--- THE RECORDS ---
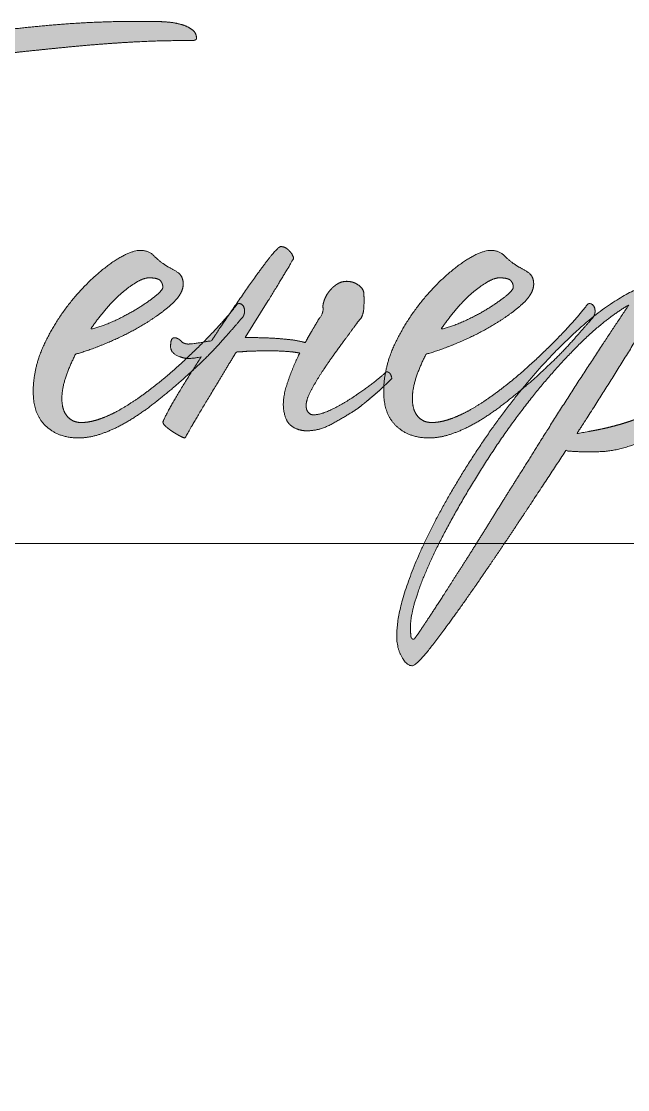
# Model space of a CAD drawing. Header units: metres. Extents: x 0 to 61.5, y -2.9 to 31.9.
# Drawn here: x 46.834 to 47.344, y 2.54 to 3.44 of the extents above; entities that cross this region are included whole.
import ezdxf

# ---------------------------------------------------------------- set-up
doc = ezdxf.new("R2010")
doc.units = ezdxf.units.M
doc.header["$MEASUREMENT"] = 0
doc.layers.add('Level 63', color=7, linetype='Continuous', lineweight=0)

# ---------------------------------------------------------------- blocks, each defined once
blk = doc.blocks.new('*U38')
at = {"linetype": 'Continuous', "lineweight": 0}
h = blk.add_hatch(color=5, dxfattribs=at)
edge = h.paths.add_edge_path()
edge.add_spline(control_points=[(-0.52751, 0.19882), (-0.50841, 0.20081), (-0.48812, 0.203), (-0.46783, 0.20519), (-0.44714, 0.20718), (-0.42646, 0.20916), (-0.40617, 0.21036), (-0.38588, 0.21155), (-0.36718, 0.21155)], knot_values=[0, 0, 0, 0.25, 0.25, 0.5, 0.5, 0.75, 0.75, 1, 1, 1], degree=2, periodic=0)
edge.add_line((-0.36718, 0.21155), (-0.36161, 0.21155))
edge.add_spline(control_points=[(-0.36161, 0.21155), (-0.35763, 0.21155), (-0.35763, 0.21313), (-0.35763, 0.2171), (-0.36082, 0.21948), (-0.364, 0.22185), (-0.36897, 0.22324), (-0.37394, 0.22463), (-0.37971, 0.22502), (-0.38548, 0.22542), (-0.39026, 0.22542)], knot_values=[0, 0, 0, 0.2, 0.2, 0.4, 0.4, 0.6, 0.6, 0.8, 0.8, 1, 1, 1], degree=2, periodic=0)
edge.add_line((-0.39026, 0.22542), (-0.3998, 0.22542))
edge.add_spline(control_points=[(-0.3998, 0.22542), (-0.43322, 0.22542), (-0.46565, 0.22244), (-0.49807, 0.21947), (-0.5303, 0.21472)], knot_values=[0, 0, 0, 0.5, 0.5, 1, 1, 1], degree=2, periodic=0)
edge.add_line((-0.5303, 0.21472), (-0.53945, 0.2163))
edge.add_line((-0.53945, 0.2163), (-0.54462, 0.21274))
edge.add_spline(control_points=[(-0.54462, 0.21274), (-0.55098, 0.21155), (-0.55834, 0.21056), (-0.5657, 0.20956), (-0.57326, 0.20837), (-0.58082, 0.20717), (-0.58818, 0.20578), (-0.59554, 0.20439), (-0.60151, 0.2024), (-0.60628, 0.20121), (-0.60628, 0.19683), (-0.60628, 0.19246), (-0.60429, 0.19086), (-0.6023, 0.18927), (-0.59753, 0.18927), (-0.58838, 0.18927), (-0.57823, 0.19126), (-0.56809, 0.19325), (-0.55894, 0.19444)], knot_values=[0, 0, 0, 0.111111, 0.111111, 0.222222, 0.222222, 0.333333, 0.333333, 0.444444, 0.444444, 0.555556, 0.555556, 0.666667, 0.666667, 0.777778, 0.777778, 0.888889, 0.888889, 1, 1, 1], degree=2, periodic=0)
edge.add_spline(control_points=[(-0.55894, 0.19444), (-0.56411, 0.18689), (-0.57465, 0.17058), (-0.5852, 0.15426), (-0.59793, 0.13417), (-0.61066, 0.11408), (-0.62398, 0.0926), (-0.63731, 0.07111), (-0.64805, 0.05361), (-0.65999, 0.03412), (-0.67113, 0.01403), (-0.68227, -0.00606), (-0.69042, -0.02337), (-0.69858, -0.04068), (-0.70335, -0.05361), (-0.70812, -0.06654), (-0.70733, -0.07171), (-0.70693, -0.07489), (-0.70494, -0.07907), (-0.70295, -0.08324), (-0.70017, -0.08702), (-0.69738, -0.0908), (-0.6942, -0.09339), (-0.69102, -0.09597), (-0.68784, -0.09558), (-0.68505, -0.09518), (-0.68028, -0.08603), (-0.6755, -0.07688), (-0.67073, -0.06554), (-0.66595, -0.0542), (-0.66198, -0.04406), (-0.658, -0.03392), (-0.6572, -0.03192)], knot_values=[0, 0, 0, 0.0625, 0.0625, 0.125, 0.125, 0.1875, 0.1875, 0.25, 0.25, 0.3125, 0.3125, 0.375, 0.375, 0.4375, 0.4375, 0.5, 0.5, 0.5625, 0.5625, 0.625, 0.625, 0.6875, 0.6875, 0.75, 0.75, 0.8125, 0.8125, 0.875, 0.875, 0.9375, 0.9375, 1, 1, 1], degree=2, periodic=0)
edge.add_spline(control_points=[(-0.6572, -0.03192), (-0.6572, -0.02874), (-0.65999, -0.02994)], knot_values=[0, 0, 0, 1, 1, 1], degree=2, periodic=0)
edge.add_spline(control_points=[(-0.65999, -0.02994), (-0.66118, -0.03073), (-0.66377, -0.03391), (-0.66635, -0.03709), (-0.66934, -0.04107), (-0.67232, -0.04505), (-0.67471, -0.04863), (-0.6771, -0.05222), (-0.67829, -0.05341)], knot_values=[0, 0, 0, 0.25, 0.25, 0.5, 0.5, 0.75, 0.75, 1, 1, 1], degree=2, periodic=0)
edge.add_line((-0.67829, -0.05341), (-0.67948, -0.05301))
edge.add_spline(control_points=[(-0.67948, -0.05301), (-0.67948, -0.05181), (-0.67491, -0.04306), (-0.67033, -0.03431), (-0.66158, -0.01939), (-0.65283, -0.00447), (-0.6403, 0.01582), (-0.62776, 0.03611), (-0.61225, 0.06077)], knot_values=[0, 0, 0, 0.25, 0.25, 0.5, 0.5, 0.75, 0.75, 1, 1, 1], degree=2, periodic=0)
edge.add_spline(control_points=[(-0.61225, 0.06077), (-0.59832, 0.08345), (-0.584, 0.10493), (-0.56968, 0.12641), (-0.55575, 0.14909), (-0.5486, 0.16063), (-0.54024, 0.17336), (-0.53189, 0.18609), (-0.52751, 0.19882)], knot_values=[0, 0, 0, 0.25, 0.25, 0.5, 0.5, 0.75, 0.75, 1, 1, 1], degree=2, periodic=0)
h = blk.add_hatch(color=5, dxfattribs=at)
edge = h.paths.add_edge_path()
edge.add_line((-0.18719, -0.20035), (-0.16948, -0.20035))
edge.add_spline(control_points=[(-0.16948, -0.20035), (-0.16465, -0.19362), (-0.15935, -0.18602), (-0.14325, -0.16295), (-0.12518, -0.1357), (-0.1071, -0.10846), (-0.0912, -0.0842)], knot_values=[0, 0, 0, 0.141373, 0.141373, 0.570687, 0.570687, 1, 1, 1], degree=2, periodic=0)
edge.add_spline(control_points=[(-0.0912, -0.0842), (-0.08603, -0.08499), (-0.07968, -0.08499)], knot_values=[0, 0, 0, 1, 1, 1], degree=2, periodic=0)
edge.add_line((-0.07968, -0.08499), (-0.06855, -0.08499))
edge.add_spline(control_points=[(-0.06855, -0.08499), (-0.05663, -0.08499), (-0.04252, -0.08002), (-0.02842, -0.07505), (-0.0161, -0.06888), (-0.00378, -0.06271), (0.00516, -0.05695), (0.0141, -0.05118), (0.0157, -0.04959)], knot_values=[0, 0, 0, 0.25, 0.25, 0.5, 0.5, 0.75, 0.75, 1, 1, 1], degree=2, periodic=0)
edge.add_spline(control_points=[(0.0157, -0.04959), (0.01887, -0.0472), (0.01887, -0.04481), (0.01887, -0.04242), (0.01689, -0.04242), (0.01569, -0.04242), (0.0141, -0.04362)], knot_values=[0, 0, 0, 0.333333, 0.333333, 0.666667, 0.666667, 1, 1, 1], degree=2, periodic=0)
edge.add_spline(control_points=[(0.0141, -0.04362), (0.01211, -0.04481), (0.00853, -0.0462), (0.00495, -0.0476), (0.00097, -0.04919), (-0.00301, -0.05078), (-0.00659, -0.05237), (-0.01017, -0.05396), (-0.01176, -0.05476)], knot_values=[0, 0, 0, 0.25, 0.25, 0.5, 0.5, 0.75, 0.75, 1, 1, 1], degree=2, periodic=0)
edge.add_line((-0.01176, -0.05476), (-0.01256, -0.05237))
edge.add_spline(control_points=[(-0.01256, -0.05237), (-0.01056, -0.05118), (-0.00499, -0.04461), (0.00057, -0.03805), (0.00634, -0.0289), (0.01211, -0.01975), (0.01655, -0.00981), (0.02098, 0.00014), (0.02098, 0.00809)], knot_values=[0, 0, 0, 0.25, 0.25, 0.5, 0.5, 0.75, 0.75, 1, 1, 1], degree=2, periodic=0)
edge.add_spline(control_points=[(0.02098, 0.00809), (0.02098, 0.03952), (-0.01202, 0.03952), (-0.01281, 0.03952), (-0.01321, 0.03932), (-0.01361, 0.03912), (-0.01441, 0.03912)], knot_values=[0, 0, 0, 0.333333, 0.333333, 0.666667, 0.666667, 1, 1, 1], degree=2, periodic=0)
edge.add_spline(control_points=[(-0.01441, 0.03912), (-0.004, 0.05661), (0.00201, 0.06794), (0.00802, 0.07927), (0.00802, 0.08165), (0.00802, 0.08406), (0.00524, 0.08406), (0.00126, 0.08406), (-0.00232, 0.08068), (-0.0059, 0.0773), (-0.00908, 0.07332), (-0.01107, 0.07054), (-0.01863, 0.06), (-0.02619, 0.04946), (-0.03693, 0.03355)], knot_values=[0, 0, 0, 0.142857, 0.142857, 0.285714, 0.285714, 0.428571, 0.428571, 0.571429, 0.571429, 0.714286, 0.714286, 0.857143, 0.857143, 1, 1, 1], degree=2, periodic=0)
edge.add_spline(control_points=[(-0.03693, 0.03355), (-0.05352, 0.02664), (-0.07114, 0.01254)], knot_values=[0, 0, 0, 1, 1, 1], degree=2, periodic=0)
edge.add_line((-0.07114, 0.01254), (-0.07142, 0.01207))
edge.add_spline(control_points=[(-0.07142, 0.01207), (-0.0762, 0.0065), (-0.08694, -0.00563), (-0.09768, -0.01777), (-0.11558, -0.03368), (-0.1192, -0.03682), (-0.12287, -0.0399)], knot_values=[0, 0, 0, 0.417557, 0.417557, 0.835113, 0.835113, 1, 1, 1], degree=2, periodic=0)
edge.add_spline(control_points=[(-0.12287, -0.0399), (-0.13889, -0.05948), (-0.15351, -0.08141), (-0.17102, -0.10766), (-0.18435, -0.13292), (-0.19768, -0.15818), (-0.20544, -0.18046), (-0.2092, -0.19124), (-0.21113, -0.20035)], knot_values=[0, 0, 0, 0.251666, 0.251666, 0.552886, 0.552886, 0.854105, 0.854105, 1, 1, 1], degree=2, periodic=0)
edge.add_line((-0.21113, -0.20035), (-0.20192, -0.20035))
edge.add_spline(control_points=[(-0.20192, -0.20035), (-0.20025, -0.19264), (-0.19649, -0.18247), (-0.18973, -0.16417), (-0.17781, -0.14169), (-0.16588, -0.11922), (-0.15037, -0.09475), (-0.13487, -0.07028), (-0.11738, -0.04801), (-0.09988, -0.02573), (-0.08139, -0.00743), (-0.06291, 0.01087), (-0.04581, 0.02082)], knot_values=[0, 0, 0, 0.100007, 0.100007, 0.280006, 0.280006, 0.460004, 0.460004, 0.640003, 0.640003, 0.820001, 0.820001, 1, 1, 1], degree=2, periodic=0)
edge.add_spline(control_points=[(-0.04581, 0.02082), (-0.05933, 0.00053), (-0.07483, -0.02314), (-0.09034, -0.04681), (-0.10505, -0.07028), (-0.11499, -0.0862), (-0.12592, -0.1035), (-0.13685, -0.12081), (-0.14719, -0.13752), (-0.15753, -0.15423), (-0.16707, -0.16914), (-0.17661, -0.18406), (-0.18397, -0.1954), (-0.18565, -0.198), (-0.18719, -0.20035)], knot_values=[0, 0, 0, 0.160543, 0.160543, 0.321085, 0.321085, 0.481628, 0.481628, 0.642171, 0.642171, 0.802713, 0.802713, 0.963256, 0.963256, 1, 1, 1], degree=2, periodic=0)
edge = h.paths.add_edge_path(flags=16)
edge.add_spline(control_points=[(-0.08318, -0.07186), (-0.08199, -0.06987), (-0.081, -0.06848), (-0.08, -0.06709), (-0.07881, -0.0651), (-0.0629, -0.04043), (-0.04738, -0.01537), (-0.03187, 0.00969), (-0.01914, 0.03078)], knot_values=[0, 0, 0, 0.25, 0.25, 0.5, 0.5, 0.75, 0.75, 1, 1, 1], degree=2, periodic=0)
edge.add_spline(control_points=[(-0.01914, 0.03078), (-0.01755, 0.03118), (-0.01437, 0.03118), (-0.00562, 0.03118), (0.00015, 0.0262), (0.00591, 0.02123), (0.00591, 0.01089)], knot_values=[0, 0, 0, 0.333333, 0.333333, 0.666667, 0.666667, 1, 1, 1], degree=2, periodic=0)
edge.add_spline(control_points=[(0.00591, 0.01089), (0.00591, -0.00224), (0.00035, -0.01418), (-0.00522, -0.02611), (-0.01258, -0.03566), (-0.01994, -0.04521), (-0.0273, -0.05157), (-0.03466, -0.05794), (-0.03863, -0.06032), (-0.04142, -0.06192), (-0.04699, -0.06371), (-0.05256, -0.0655), (-0.05892, -0.06709), (-0.06528, -0.06868), (-0.07185, -0.06987), (-0.07841, -0.07107), (-0.08318, -0.07186)], knot_values=[0, 0, 0, 0.125, 0.125, 0.25, 0.25, 0.375, 0.375, 0.5, 0.5, 0.625, 0.625, 0.75, 0.75, 0.875, 0.875, 1, 1, 1], degree=2, periodic=0)
h = blk.add_hatch(color=5, dxfattribs=at)
edge = h.paths.add_edge_path()
edge.add_spline(control_points=[(-0.22131, -0.0279), (-0.22449, -0.03095), (-0.23048, -0.03549), (-0.23704, -0.04046), (-0.2446, -0.04563), (-0.25256, -0.05081), (-0.26031, -0.05459), (-0.26807, -0.05837), (-0.27324, -0.05837), (-0.27563, -0.05837), (-0.27702, -0.05657), (-0.27842, -0.05478), (-0.27842, -0.05319)], knot_values=[0, 0, 0, 0.154355, 0.154355, 0.323484, 0.323484, 0.492613, 0.492613, 0.661742, 0.661742, 0.830871, 0.830871, 1, 1, 1], degree=2, periodic=0)
edge.add_spline(control_points=[(-0.27842, -0.05319), (-0.27921, -0.04842), (-0.27464, -0.04007), (-0.27006, -0.03171), (-0.26489, -0.02415), (-0.2625, -0.02057), (-0.25852, -0.015), (-0.25455, -0.00943), (-0.25057, -0.00406), (-0.24659, 0.00131), (-0.24341, 0.00569), (-0.24023, 0.01006), (-0.23903, 0.01126)], knot_values=[0, 0, 0, 0.166667, 0.166667, 0.333333, 0.333333, 0.5, 0.5, 0.666667, 0.666667, 0.833333, 0.833333, 1, 1, 1], degree=2, periodic=0)
edge.add_spline(control_points=[(-0.23903, 0.01126), (-0.23704, 0.01404), (-0.23684, 0.02041), (-0.23664, 0.02677), (-0.23704, 0.02996), (-0.23744, 0.03274), (-0.24102, 0.03532), (-0.2446, 0.03791), (-0.24938, 0.03791), (-0.25296, 0.03791), (-0.25614, 0.03592), (-0.25932, 0.03394), (-0.26171, 0.03095), (-0.26409, 0.02796), (-0.26529, 0.02478), (-0.26648, 0.0216), (-0.26648, 0.01961)], knot_values=[0, 0, 0, 0.125, 0.125, 0.25, 0.25, 0.375, 0.375, 0.5, 0.5, 0.625, 0.625, 0.75, 0.75, 0.875, 0.875, 1, 1, 1], degree=2, periodic=0)
edge.add_spline(control_points=[(-0.26648, 0.01961), (-0.26568, 0.01523), (-0.26927, 0.01086), (-0.27006, 0.00966), (-0.27444, 0.00211), (-0.27683, -0.00187), (-0.27921, -0.00625)], knot_values=[0, 0, 0, 0.333333, 0.333333, 0.666667, 0.666667, 1, 1, 1], degree=2, periodic=0)
edge.add_spline(control_points=[(-0.27921, -0.00625), (-0.28319, -0.00506), (-0.28916, -0.00426), (-0.29592, -0.00347), (-0.30348, -0.00307), (-0.31104, -0.00267), (-0.3182, -0.00267)], knot_values=[0, 0, 0, 0.333333, 0.333333, 0.666667, 0.666667, 1, 1, 1], degree=2, periodic=0)
edge.add_line((-0.3182, -0.00267), (-0.32258, -0.00267))
edge.add_line((-0.32258, -0.00267), (-0.30587, 0.02398))
edge.add_spline(control_points=[(-0.30587, 0.02398), (-0.29791, 0.03711), (-0.29274, 0.04566), (-0.28757, 0.05422), (-0.28757, 0.05461)], knot_values=[0, 0, 0, 0.5, 0.5, 1, 1, 1], degree=2, periodic=0)
edge.add_spline(control_points=[(-0.28757, 0.05461), (-0.28796, 0.057), (-0.29075, 0.05998), (-0.29353, 0.06297), (-0.29672, 0.06297), (-0.29871, 0.06297), (-0.30567, 0.05402), (-0.31263, 0.04507), (-0.32218, 0.03134), (-0.32522, 0.02697), (-0.32839, 0.02237)], knot_values=[0, 0, 0, 0.23155, 0.23155, 0.4631, 0.4631, 0.69465, 0.69465, 0.9262, 0.9262, 1, 1, 1], degree=2, periodic=0)
edge.add_line((-0.32839, 0.02237), (-0.32787, 0.02202))
edge.add_spline(control_points=[(-0.32787, 0.02202), (-0.32429, 0.02202), (-0.32329, 0.01863), (-0.3223, 0.01525), (-0.32429, 0.01207)], knot_values=[0, 0, 0, 0.5, 0.5, 1, 1, 1], degree=2, periodic=0)
edge.add_spline(control_points=[(-0.32429, 0.01207), (-0.32906, 0.0065), (-0.3398, -0.00563), (-0.34813, -0.01504), (-0.36076, -0.02672)], knot_values=[0, 0, 0, 0.563292, 0.563292, 1, 1, 1], degree=2, periodic=0)
edge.add_spline(control_points=[(-0.36076, -0.02672), (-0.36136, -0.02762), (-0.36196, -0.02853), (-0.37071, -0.04245), (-0.37628, -0.05239), (-0.38185, -0.06234), (-0.38185, -0.06353), (-0.38185, -0.06512), (-0.37947, -0.06711), (-0.37708, -0.0691), (-0.3743, -0.07089), (-0.37151, -0.07268), (-0.36912, -0.07388), (-0.36673, -0.07507), (-0.36594, -0.07507)], knot_values=[0, 0, 0, 0.024641, 0.024641, 0.187201, 0.187201, 0.349761, 0.349761, 0.512321, 0.512321, 0.67488, 0.67488, 0.83744, 0.83744, 1, 1, 1], degree=2, periodic=0)
edge.add_spline(control_points=[(-0.36594, -0.07507), (-0.36355, -0.07069), (-0.35699, -0.05955), (-0.35042, -0.04841), (-0.34167, -0.03409), (-0.33571, -0.02415), (-0.32894, -0.01301)], knot_values=[0, 0, 0, 0.333333, 0.333333, 0.666667, 0.666667, 1, 1, 1], degree=2, periodic=0)
edge.add_spline(control_points=[(-0.32894, -0.01301), (-0.32576, -0.01301), (-0.32218, -0.01262), (-0.31382, -0.01222), (-0.30507, -0.01222), (-0.29632, -0.01222), (-0.28836, -0.01301), (-0.28558, -0.01341), (-0.28319, -0.01381)], knot_values=[0, 0, 0, 0.25, 0.25, 0.5, 0.5, 0.75, 0.75, 1, 1, 1], degree=2, periodic=0)
edge.add_line((-0.28319, -0.01381), (-0.28398, -0.0154))
edge.add_spline(control_points=[(-0.28398, -0.0154), (-0.28876, -0.02534), (-0.29234, -0.03628), (-0.29592, -0.04722), (-0.29473, -0.05478), (-0.29353, -0.06354), (-0.28876, -0.06672), (-0.28398, -0.0699), (-0.27802, -0.0699), (-0.26887, -0.0699), (-0.25992, -0.06493), (-0.25096, -0.05996), (-0.2446, -0.05598), (-0.24142, -0.05399), (-0.23704, -0.05041), (-0.23266, -0.04683), (-0.22849, -0.04325), (-0.22518, -0.04041), (-0.2225, -0.03783)], knot_values=[0, 0, 0, 0.113755, 0.113755, 0.227509, 0.227509, 0.341264, 0.341264, 0.455018, 0.455018, 0.568773, 0.568773, 0.682527, 0.682527, 0.796282, 0.796282, 0.910037, 0.910037, 1, 1, 1], degree=2, periodic=0)
edge.add_spline(control_points=[(-0.2225, -0.03783), (-0.22224, -0.03287), (-0.22131, -0.0279)], knot_values=[0, 0, 0, 1, 1, 1], degree=2, periodic=0)
h = blk.add_hatch(color=5, dxfattribs=at)
edge = h.paths.add_edge_path()
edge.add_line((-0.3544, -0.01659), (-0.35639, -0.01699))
---
Beginning with the line that has "edge.add_line((-0.32258, -0.00267), (-0.30587, 0.02398))" and ending with the line that has "0.83744, 1, 1, 1], degree=2, periodic=0)", set down the lines above exactly and include no others.

edge.add_line((-0.32258, -0.00267), (-0.30587, 0.02398))
edge.add_spline(control_points=[(-0.30587, 0.02398), (-0.29791, 0.03711), (-0.29274, 0.04566), (-0.28757, 0.05422), (-0.28757, 0.05461)], knot_values=[0, 0, 0, 0.5, 0.5, 1, 1, 1], degree=2, periodic=0)
edge.add_spline(control_points=[(-0.28757, 0.05461), (-0.28796, 0.057), (-0.29075, 0.05998), (-0.29353, 0.06297), (-0.29672, 0.06297), (-0.29871, 0.06297), (-0.30567, 0.05402), (-0.31263, 0.04507), (-0.32218, 0.03134), (-0.32522, 0.02697), (-0.32839, 0.02237)], knot_values=[0, 0, 0, 0.23155, 0.23155, 0.4631, 0.4631, 0.69465, 0.69465, 0.9262, 0.9262, 1, 1, 1], degree=2, periodic=0)
edge.add_line((-0.32839, 0.02237), (-0.32787, 0.02202))
edge.add_spline(control_points=[(-0.32787, 0.02202), (-0.32429, 0.02202), (-0.32329, 0.01863), (-0.3223, 0.01525), (-0.32429, 0.01207)], knot_values=[0, 0, 0, 0.5, 0.5, 1, 1, 1], degree=2, periodic=0)
edge.add_spline(control_points=[(-0.32429, 0.01207), (-0.32906, 0.0065), (-0.3398, -0.00563), (-0.34813, -0.01504), (-0.36076, -0.02672)], knot_values=[0, 0, 0, 0.563292, 0.563292, 1, 1, 1], degree=2, periodic=0)
edge.add_spline(control_points=[(-0.36076, -0.02672), (-0.36136, -0.02762), (-0.36196, -0.02853), (-0.37071, -0.04245), (-0.37628, -0.05239), (-0.38185, -0.06234), (-0.38185, -0.06353), (-0.38185, -0.06512), (-0.37947, -0.06711), (-0.37708, -0.0691), (-0.3743, -0.07089), (-0.37151, -0.07268), (-0.36912, -0.07388), (-0.36673, -0.07507), (-0.36594, -0.07507)], knot_values=[0, 0, 0, 0.024641, 0.024641, 0.187201, 0.187201, 0.349761, 0.349761, 0.512321, 0.512321, 0.67488, 0.67488, 0.83744, 0.83744, 1, 1, 1], degree=2, periodic=0)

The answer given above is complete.